Il existe donc un défi majeur diagnostique, visant non seulement à réduire le parcours de soins des patients souffrant de ce qu’on appelle communément une « odyssée diagnostique », avec retard à la prise en charge; mais aussi à améliorer le diagnostic génétique, de sorte à proposer des informations personnalisées sur le pronostic et le traitement, ainsi qu’un conseil génétique. Le diagnostic repose traditionnellement sur une biopsie tissulaire invasive pour analyses biochimiques et histochimiques, manquant néanmoins de sensibilité. Le séquençage d'une liste prédéfinie de gènes connus pour provoquer un trouble spécifique (panels multigéniques) et le séquençage des régions codant pour les protéines (exons) de tous les gènes (séquençage de l'exome) ont montré leur efficacité diagnostique. Cependant, le diagnostic génétique n'est pas réalisable dans environ 40 % des cas, y compris dans des cohortes sélectionnées, d'où la nécessité de nouvelles approches. Le séquençage du génome entier est une technologie de séquençage de nouvelle génération utilisée pour séquencer le génome entier d'un individu. Il a l'avantage supplémentaire de pouvoir diagnostiquer des mutations pathogènes affectant l'ADN mitochondrial et le génome nucléaire.
 
L'objectif d’une récente étude de cohorte nationale menée par des scientifiques de l’Université de Cambridge et publiée dans le British Medical Journal (BMJ) était de déterminer si le séquençage du génome entier pouvait être utilisé pour définir la base moléculaire des dysfonctions mitochondriales suspectées. Trois cent quarante-cinq patients suspects de maladie mitochondriale ont été inclus entre 2015 et 2018, recrutés initialement pour le projet britannique 100 000 génomes (projet lancé par le gouvernement britannique visant à séquencer le génome de 100 000 patients suivis par le National Health Service). Les patients inclus avaient bénéficié au préalable de la réalisation de tests génétiques standards pour exclusion des causes génétiques dites communes.
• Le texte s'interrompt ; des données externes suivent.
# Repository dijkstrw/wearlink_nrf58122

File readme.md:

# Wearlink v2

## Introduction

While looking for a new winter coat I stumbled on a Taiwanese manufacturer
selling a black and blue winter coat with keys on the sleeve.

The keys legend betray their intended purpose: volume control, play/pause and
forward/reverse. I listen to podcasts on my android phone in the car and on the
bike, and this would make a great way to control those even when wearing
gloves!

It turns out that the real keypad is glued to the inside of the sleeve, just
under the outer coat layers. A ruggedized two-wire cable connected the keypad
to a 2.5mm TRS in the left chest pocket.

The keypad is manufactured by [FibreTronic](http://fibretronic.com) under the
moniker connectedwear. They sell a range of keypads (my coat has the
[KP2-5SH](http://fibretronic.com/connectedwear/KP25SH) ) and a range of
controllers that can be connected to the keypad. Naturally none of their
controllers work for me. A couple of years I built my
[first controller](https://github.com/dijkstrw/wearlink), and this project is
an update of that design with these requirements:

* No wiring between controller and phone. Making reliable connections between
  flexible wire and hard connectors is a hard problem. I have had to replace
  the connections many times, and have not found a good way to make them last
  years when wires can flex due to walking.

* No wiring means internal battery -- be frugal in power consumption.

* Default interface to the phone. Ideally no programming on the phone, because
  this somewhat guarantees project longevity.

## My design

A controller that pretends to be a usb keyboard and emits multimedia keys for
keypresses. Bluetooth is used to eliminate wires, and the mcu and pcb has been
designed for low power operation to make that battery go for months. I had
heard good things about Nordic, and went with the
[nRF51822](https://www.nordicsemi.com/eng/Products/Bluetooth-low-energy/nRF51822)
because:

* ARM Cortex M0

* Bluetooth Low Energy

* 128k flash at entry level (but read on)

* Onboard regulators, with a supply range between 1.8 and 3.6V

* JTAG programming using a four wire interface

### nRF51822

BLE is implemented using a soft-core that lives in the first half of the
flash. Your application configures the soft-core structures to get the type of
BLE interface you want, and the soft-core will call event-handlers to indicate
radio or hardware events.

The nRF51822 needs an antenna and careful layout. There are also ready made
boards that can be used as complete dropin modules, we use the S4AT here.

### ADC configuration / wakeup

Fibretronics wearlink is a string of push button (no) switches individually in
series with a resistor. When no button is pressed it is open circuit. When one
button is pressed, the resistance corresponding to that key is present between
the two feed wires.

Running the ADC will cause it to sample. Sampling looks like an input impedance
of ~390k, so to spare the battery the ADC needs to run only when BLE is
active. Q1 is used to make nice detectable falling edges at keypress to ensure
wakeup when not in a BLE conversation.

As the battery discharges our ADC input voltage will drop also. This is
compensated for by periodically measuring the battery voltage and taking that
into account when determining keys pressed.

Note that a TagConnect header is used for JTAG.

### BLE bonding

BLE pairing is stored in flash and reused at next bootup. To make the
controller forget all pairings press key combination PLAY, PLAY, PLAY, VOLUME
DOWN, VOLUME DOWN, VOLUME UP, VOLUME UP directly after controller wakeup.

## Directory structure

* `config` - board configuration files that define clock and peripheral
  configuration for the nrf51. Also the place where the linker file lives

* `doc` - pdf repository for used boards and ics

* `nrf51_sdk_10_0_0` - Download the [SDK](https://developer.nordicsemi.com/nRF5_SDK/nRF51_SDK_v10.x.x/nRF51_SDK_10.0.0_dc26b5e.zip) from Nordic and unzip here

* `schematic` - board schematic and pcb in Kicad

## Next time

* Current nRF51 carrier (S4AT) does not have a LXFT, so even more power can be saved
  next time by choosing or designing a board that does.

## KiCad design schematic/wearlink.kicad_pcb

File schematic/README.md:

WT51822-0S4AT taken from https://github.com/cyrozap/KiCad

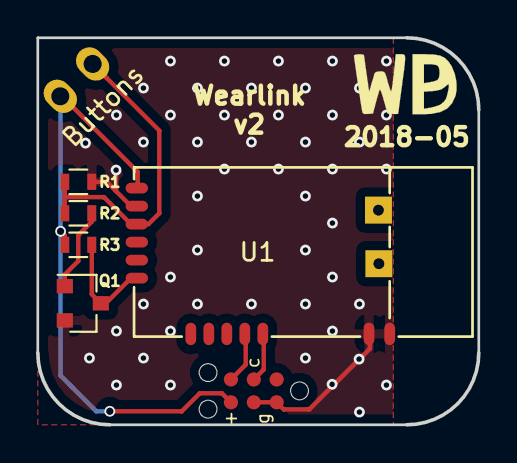
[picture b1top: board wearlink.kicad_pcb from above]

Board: 2 copper layers, 24.5 x 21.5 mm, 8 parts (1 on the bottom side), 7 nets.

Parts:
BT1: Battery 2032; Keystone_3034_1x20mm-CoinCell
Buttons: FibretronicKeypad
J1: JTAG; TC2030-IDC-NL
Q1: MMBT3904; SOT-23
R1: 20k; R_0603
R2, R3: 1M; R_0603
U1: WT51822-0S4AT

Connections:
ADC: Buttons.2, R1.1, R2.2, U1.3
GND: BT1.2, J1.2, J1.4, Q1.2, R1.2, U1.2, U1.12, U1.13
unnamed: J1.3, U1.11
unnamed: J1.5, U1.10
unnamed: Q1.1, R2.1
POWER: BT1.1, Buttons.1, J1.6, R3.1, U1.1
SENSE: Q1.3, R3.2, U1.6

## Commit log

2017-02-10 its work
2017-02-11 Added consumer control
2018-04-07 Using SDK12 example code, trying consumer codes
    Have debugging on usart and a handle howto load via stlink
2018-04-13 cleanup configuration
2018-04-14 After a full erase this works
    So something about renegotiation is broken and needs to be added. Still,
    I have media keys in android, so this is quite cool already.
2018-04-15 Cleanup
2018-04-15 Added initial adc interaction
    ADC reads AIN2 -> P0.1
2018-04-20 Added powerpin for keypad
2018-04-20 gpiote triggered adc reads
2018-04-22 Added first calculations for adc key values
2018-05-03 Tested enable and adc hardware
2018-05-03 Working prototype
    Next step: decrease current draw :)
2018-05-03 Enabled power save, but adc is broken on wakeup
2018-05-04 Now also working after sleep
2018-05-04 Removed sensorsim, added actual battery measurement
2018-05-05 Cleaned up project
    - Removed unnecessary files
    - Added the nrf51 sdk 10.0.0 to make the project timetravel better
2018-05-05 Battery is vcc, cope with adc change @ discharging
    - sample battery quickly after startup to determine current Vdd
    - set ble battery level as a percentage of 3V6
    - remove remaining app buttons
2018-05-05 Started with schematic
2018-05-05 Added footprints, first route
    Seems a little to spacious..
2018-05-06 Auto sleep also when connected but idle
    After n battery measurement intervals with no other actions happening
    also autosleep to save battery.
2018-05-06 Added my measurements
2018-05-06 Cleaned up schematic
    Added holes for module
2018-05-07 Made pcb smaller
2018-05-11 Verified hole sizes WT51822, more pcb cleanup
2018-05-11 Added via stitching
2018-05-13 Removed bsp button interaction, added combos
    When no ble connection is active, the device will look for
    keycombos. Only one is defined at this time, and that item will drop all
    known peers in the device manager, breaking active peerings.
2018-06-02 Bugfix: now add boot button in main.c
2018-06-02 Add S4AT as a new platform
    Prepare for production installation
2018-06-02 As sent to pcbway 20180517
2018-06-10 Adjust idle timer to 20 mins, add start_key
2018-10-21 Added readme.md

  Un séquençage du génome entier à lecture courte a été réalisé. Les variants génomiques nucléaires ont été classés sur la base de panels de gènes choisis en fonction des phénotypes, des variantes pathogènes/probablement pathogènes de la base de données ClinVar et des dix variants prioritaires du logiciel Exomiser. Les variants de l'ADN mitochondrial ont été déterminés et comparés à une liste de variants pathogènes. Les directives de l'American College of Medical Genetics ont été suivies pour la classification des variants génomiques.  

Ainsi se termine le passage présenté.